MucoLife has developed MLT-001, a patented technology that disrupts mucin protein interactions responsible for forming dense mucus plugs. Delivered as an inhalable therapy, MLT-001 efficiently dissolves these plugs, enabling effective mucus clearance — a feat that was not possible with earlier conventional treatments.
As Pelaseyed detailed:
“Once inhaled, MLT-001 will directly reach the mucus plugs. It will not affect the cells in your lungs or cross over into your blood.
Another challenge when designing an inhaled medicine is that most patients also swallow some of the drug they've inhaled.
Which means that if you have a drug that is affecting or dissolving mucus in your lungs, you don't want to have that effect in the gut.
Because the mucus has a very important protective function against the gut bacteria.
And that is also our differentiator. Our drug does not cause any gastrointestinal side effects because it is readily degraded when it reaches the stomach and the upper parts of the intestines.”
Pelaseyed stresses that MucoLife Therapeutic’s long-term vision:
“We are experts in mucus biology. So, we are doing what we are best at.
We are building a pipeline of highly effective next-generation mucus modulating drugs that we then advance through the critical preclinical stage to early clinical phase in patients.
And then we hope that the pharmaceutical companies that are in this space — the top 5 big pharma companies all have portfolios in the respiratory space — will see that our products will support their existing pipeline.”
Pelaseyed notes that this will be a great way to help patients, as most big pharma investments go into very early-stage companies.

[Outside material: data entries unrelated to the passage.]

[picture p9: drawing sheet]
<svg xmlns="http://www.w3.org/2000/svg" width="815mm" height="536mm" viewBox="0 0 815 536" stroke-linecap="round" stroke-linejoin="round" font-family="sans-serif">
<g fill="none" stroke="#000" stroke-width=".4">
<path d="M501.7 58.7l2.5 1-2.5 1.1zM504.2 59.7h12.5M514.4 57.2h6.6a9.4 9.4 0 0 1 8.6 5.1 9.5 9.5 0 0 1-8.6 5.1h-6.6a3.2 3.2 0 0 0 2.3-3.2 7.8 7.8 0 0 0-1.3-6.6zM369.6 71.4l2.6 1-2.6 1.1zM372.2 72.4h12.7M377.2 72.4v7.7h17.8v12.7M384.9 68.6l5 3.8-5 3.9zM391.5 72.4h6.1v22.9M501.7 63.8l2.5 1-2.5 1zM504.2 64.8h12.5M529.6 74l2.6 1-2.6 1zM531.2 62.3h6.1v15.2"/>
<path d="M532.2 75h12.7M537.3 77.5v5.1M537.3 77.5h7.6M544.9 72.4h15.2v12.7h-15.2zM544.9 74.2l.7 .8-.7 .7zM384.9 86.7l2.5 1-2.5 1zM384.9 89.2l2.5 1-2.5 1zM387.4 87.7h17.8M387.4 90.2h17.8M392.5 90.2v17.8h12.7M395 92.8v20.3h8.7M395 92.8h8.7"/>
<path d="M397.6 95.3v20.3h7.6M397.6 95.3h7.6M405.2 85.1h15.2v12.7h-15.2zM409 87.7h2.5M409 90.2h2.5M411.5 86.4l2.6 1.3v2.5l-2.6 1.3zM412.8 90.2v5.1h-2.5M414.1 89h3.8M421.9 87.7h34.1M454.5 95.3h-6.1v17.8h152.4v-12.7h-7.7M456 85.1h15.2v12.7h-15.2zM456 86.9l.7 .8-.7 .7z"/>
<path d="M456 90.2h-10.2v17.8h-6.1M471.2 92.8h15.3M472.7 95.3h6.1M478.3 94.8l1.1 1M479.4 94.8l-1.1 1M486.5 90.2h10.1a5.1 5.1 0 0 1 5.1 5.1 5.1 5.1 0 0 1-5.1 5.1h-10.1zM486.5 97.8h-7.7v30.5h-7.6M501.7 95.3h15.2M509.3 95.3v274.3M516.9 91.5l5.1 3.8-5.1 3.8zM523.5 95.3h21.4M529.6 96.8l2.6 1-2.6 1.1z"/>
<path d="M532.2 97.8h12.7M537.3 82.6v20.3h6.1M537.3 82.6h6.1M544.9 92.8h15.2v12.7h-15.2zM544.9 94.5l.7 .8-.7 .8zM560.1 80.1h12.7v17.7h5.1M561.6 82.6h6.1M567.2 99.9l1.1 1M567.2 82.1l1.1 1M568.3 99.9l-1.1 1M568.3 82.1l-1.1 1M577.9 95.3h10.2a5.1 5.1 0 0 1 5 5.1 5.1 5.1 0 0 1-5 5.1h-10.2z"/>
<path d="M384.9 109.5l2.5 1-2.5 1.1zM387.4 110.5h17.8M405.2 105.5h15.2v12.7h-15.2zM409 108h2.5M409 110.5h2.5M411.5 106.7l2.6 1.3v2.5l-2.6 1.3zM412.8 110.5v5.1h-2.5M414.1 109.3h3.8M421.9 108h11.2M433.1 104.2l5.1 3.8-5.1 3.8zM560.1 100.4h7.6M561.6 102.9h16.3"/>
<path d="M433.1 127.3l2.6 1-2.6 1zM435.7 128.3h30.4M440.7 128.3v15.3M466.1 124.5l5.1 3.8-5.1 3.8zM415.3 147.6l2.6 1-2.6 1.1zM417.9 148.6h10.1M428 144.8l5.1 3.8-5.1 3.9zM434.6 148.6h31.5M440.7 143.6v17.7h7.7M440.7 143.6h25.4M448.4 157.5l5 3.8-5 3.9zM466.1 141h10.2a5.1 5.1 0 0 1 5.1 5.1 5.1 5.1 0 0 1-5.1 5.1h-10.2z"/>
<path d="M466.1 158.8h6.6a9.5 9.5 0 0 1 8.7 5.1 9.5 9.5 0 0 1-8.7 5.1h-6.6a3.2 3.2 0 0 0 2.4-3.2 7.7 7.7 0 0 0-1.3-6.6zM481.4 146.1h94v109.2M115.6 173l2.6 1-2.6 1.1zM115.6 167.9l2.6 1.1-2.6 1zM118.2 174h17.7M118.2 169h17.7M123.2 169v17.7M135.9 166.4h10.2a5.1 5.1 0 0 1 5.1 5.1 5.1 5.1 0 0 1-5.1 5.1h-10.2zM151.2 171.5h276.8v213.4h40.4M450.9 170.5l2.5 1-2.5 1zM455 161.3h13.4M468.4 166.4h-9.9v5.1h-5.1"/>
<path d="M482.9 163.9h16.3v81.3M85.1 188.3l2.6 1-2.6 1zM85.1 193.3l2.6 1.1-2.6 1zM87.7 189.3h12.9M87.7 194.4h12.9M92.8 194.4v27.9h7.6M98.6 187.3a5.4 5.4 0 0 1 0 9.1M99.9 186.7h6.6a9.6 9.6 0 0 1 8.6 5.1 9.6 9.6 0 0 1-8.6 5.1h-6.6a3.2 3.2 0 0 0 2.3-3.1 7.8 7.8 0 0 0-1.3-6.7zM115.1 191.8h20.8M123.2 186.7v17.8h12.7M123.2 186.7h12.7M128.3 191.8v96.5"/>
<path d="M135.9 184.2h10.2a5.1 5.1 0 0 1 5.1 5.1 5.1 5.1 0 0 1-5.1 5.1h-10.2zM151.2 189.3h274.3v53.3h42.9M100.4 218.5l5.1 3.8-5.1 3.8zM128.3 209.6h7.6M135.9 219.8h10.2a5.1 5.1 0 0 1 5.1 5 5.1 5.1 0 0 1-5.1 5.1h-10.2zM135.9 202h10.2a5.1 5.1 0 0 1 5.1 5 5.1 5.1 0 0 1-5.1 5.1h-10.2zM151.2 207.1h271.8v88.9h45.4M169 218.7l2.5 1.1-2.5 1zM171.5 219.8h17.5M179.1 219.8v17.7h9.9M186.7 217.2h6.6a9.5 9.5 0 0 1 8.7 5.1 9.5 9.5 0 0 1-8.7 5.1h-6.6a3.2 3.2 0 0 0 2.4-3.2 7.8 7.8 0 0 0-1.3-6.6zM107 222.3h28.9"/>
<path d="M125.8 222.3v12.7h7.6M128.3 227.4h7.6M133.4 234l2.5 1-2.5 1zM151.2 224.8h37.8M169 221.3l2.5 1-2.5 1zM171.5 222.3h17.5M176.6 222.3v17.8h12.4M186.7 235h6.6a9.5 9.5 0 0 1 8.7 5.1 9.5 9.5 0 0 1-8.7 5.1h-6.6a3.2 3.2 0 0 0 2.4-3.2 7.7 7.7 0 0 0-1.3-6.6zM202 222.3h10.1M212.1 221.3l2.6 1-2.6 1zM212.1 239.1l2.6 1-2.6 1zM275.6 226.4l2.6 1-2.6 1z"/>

“However, a lot of those investments go to waste, not because they're not doing a good job, but because it is hard to find the right targets and the right lead compounds.
We are transforming respiratory care by delivering effective de-risked lead compounds, taking them through pre-clinicial testing and clinical trials, basically doing all that hard work.
Then, we hope to be able to hand it over to the extent they can take it to market.”
The company has done a lot of work connecting with patient organisations and pulmonologists who treat patients on a daily basis.
Pelaseyed stresses:
“It's important to understand what is needed. What do the clinicians need? What do the patients need? Ultimately, we want the patients to take the drug and feel better. This means we are aiming at a regimen that is one dose per day in your traditional inhaler.
So, we are trying to work backwards from our conversations with patients and pulmonologists to bring their insights into our development plan.”
The company expects to enter Phase Ione clinical trials by 2027. These trials will primarily assess safety, but they will also aim to gather efficacy data from a subset of well-defined patients.